Reviews: Drifters, Highroller, Clam Digger, Eaux, Vantage Point

Down East has reviewed Drifters Wife,

Any seafood dish is a smart order. On any given night, Jackson might be working with hake, butterfish, or monk, but no matter the fish, he has a gift for hitting just the right temperature for perfect flavor and feel. The luxuriousness of the textures he creates ought to win over even the most devoted carnivore.

the Portland Phoenix has reviewed Highroller Lobster,

Lobster is undoubtedly the main attraction, showing up in grilled cheese, “pop,” and taco forms among other items. The lobster cheese crisp taco that has accumulated over 16 million views in a one-minute Thrillist video is one of Highroller’s most popular choices. Essentially a giant parm crisp brimming with lobster meat, it’s certainly over the top, if not a bit conflicting in taste due to the sharp and assertive flavors the cheese brings to the table. A fried lobby pop is the most decadent corndog analog I’ve come across in my day; the perfect match for a side of charred pineapple mayo.

the Portland Press Herald had reviewed Vantage Point Provisions,

When I got back to the office and tried the chowder, I was even gladder to have finally found him. It’s just the kind of chowder I like. He’d described his spin as “traditional but different,” and that was accurate, with fresh herbs floating in the broth but not taking away from the essential clam character.
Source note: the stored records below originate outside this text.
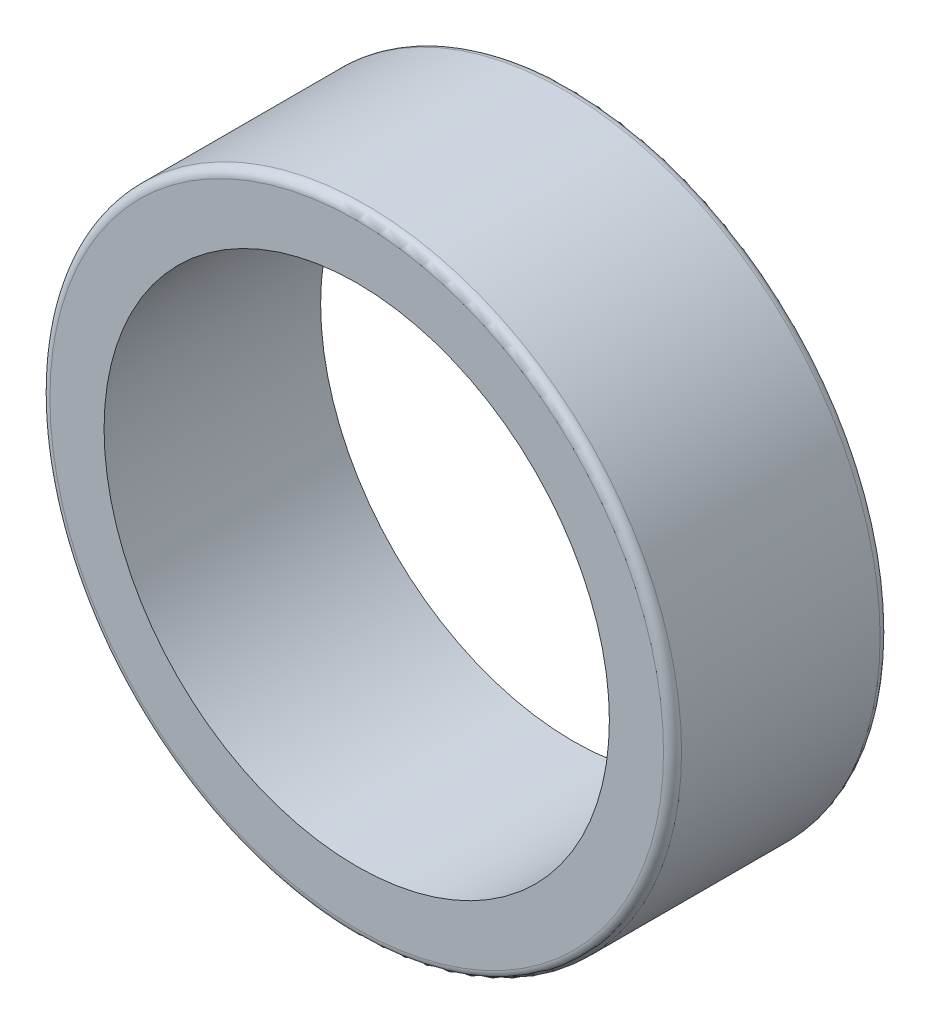
from build123d import *

# Parameters (mm, degrees)
ESQUISSE1_R        = 17.5
ESQUISSE1_R_2      = 14
BOSS_EXTRU_1_DEPTH = 12
CONG_1_R           = 0.5


with BuildPart() as part:
    # Esquisse1 → Boss.-Extru.1 (new body)
    with BuildSketch(Plane.XY):
        Circle(ESQUISSE1_R)
        Circle(ESQUISSE1_R_2, mode=Mode.SUBTRACT)
    extrude(amount=BOSS_EXTRU_1_DEPTH)

    # Congé1
    cong_1_edges = [part.edges().sort_by_distance(p)[0] for p in [
        (-17.5, 0, 0),
        (-17.5, 0, 12),
    ]]
    fillet(cong_1_edges, radius=CONG_1_R)


solid = part.part
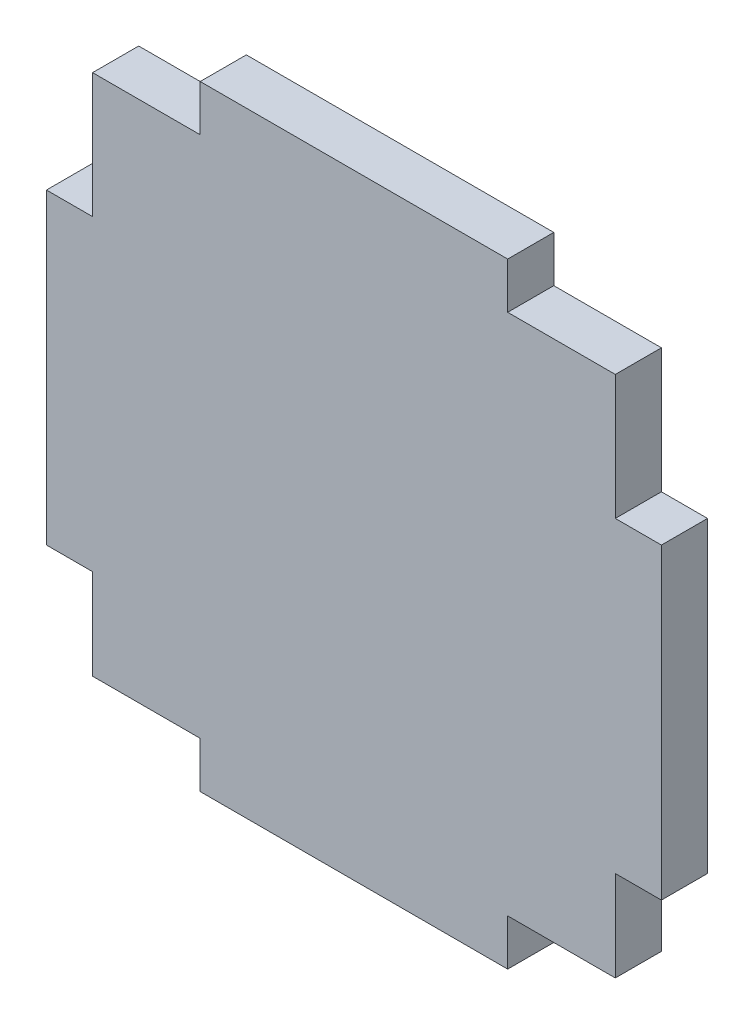
from build123d import *

# Parameters (mm, degrees)
SALIENTE_EXTRUIR1_DEPTH = 3


with BuildPart() as part:
    # Croquis1 → Saliente-Extruir1 (new body)
    with BuildSketch(Plane.XY):
        Polygon((83.773892479, -19.698612624), (83.773892479, -16.698612624), (103.773892479, -16.698612624), (103.773892479, -19.698612624), (110.773892479, -19.698612624), (110.773892479, -27.810520665), (113.773892479, -27.810520665), (113.773892479, -47.810520665), (110.773892479, -47.810520665), (110.773892479, -53.698612624), (103.773892479, -53.698612624), (103.773892479, -56.698612624), (83.773892479, -56.698612624), (83.773892479, -53.698612624), (76.773892479, -53.698612624), (76.773892479, -47.810520665), (73.773892479, -47.810520665), (73.773892479, -27.810520665), (76.773892479, -27.810520665), (76.773892479, -19.698612624), align=None)
    extrude(amount=SALIENTE_EXTRUIR1_DEPTH)


solid = part.part

As the Lobster Rolls had reviewed Clam Digger, and

While I was eating this roll, I noticed that the mayo was applied directly to the roll and not mixed in with the lobster – something I’d never experienced but kinda liked. I also noticed that because of the amount of lobster in this thing, the beefier brioche roll was welcomed to hold it all together. Overall, I was quite pleased with the experience. The fries and cole slaw were tasty too… just too much!

the Portland Press Herald had reviewed Eaux.

By this point, we knew we had to try the signature fried chicken and waffles ($14). The skillfully-seasoned chicken was crispy, the waffles had the perfect amount of syrup, and the dish was served with thinly sliced apple, an addition which transformed each bite into a mini-vacation to New Orleans.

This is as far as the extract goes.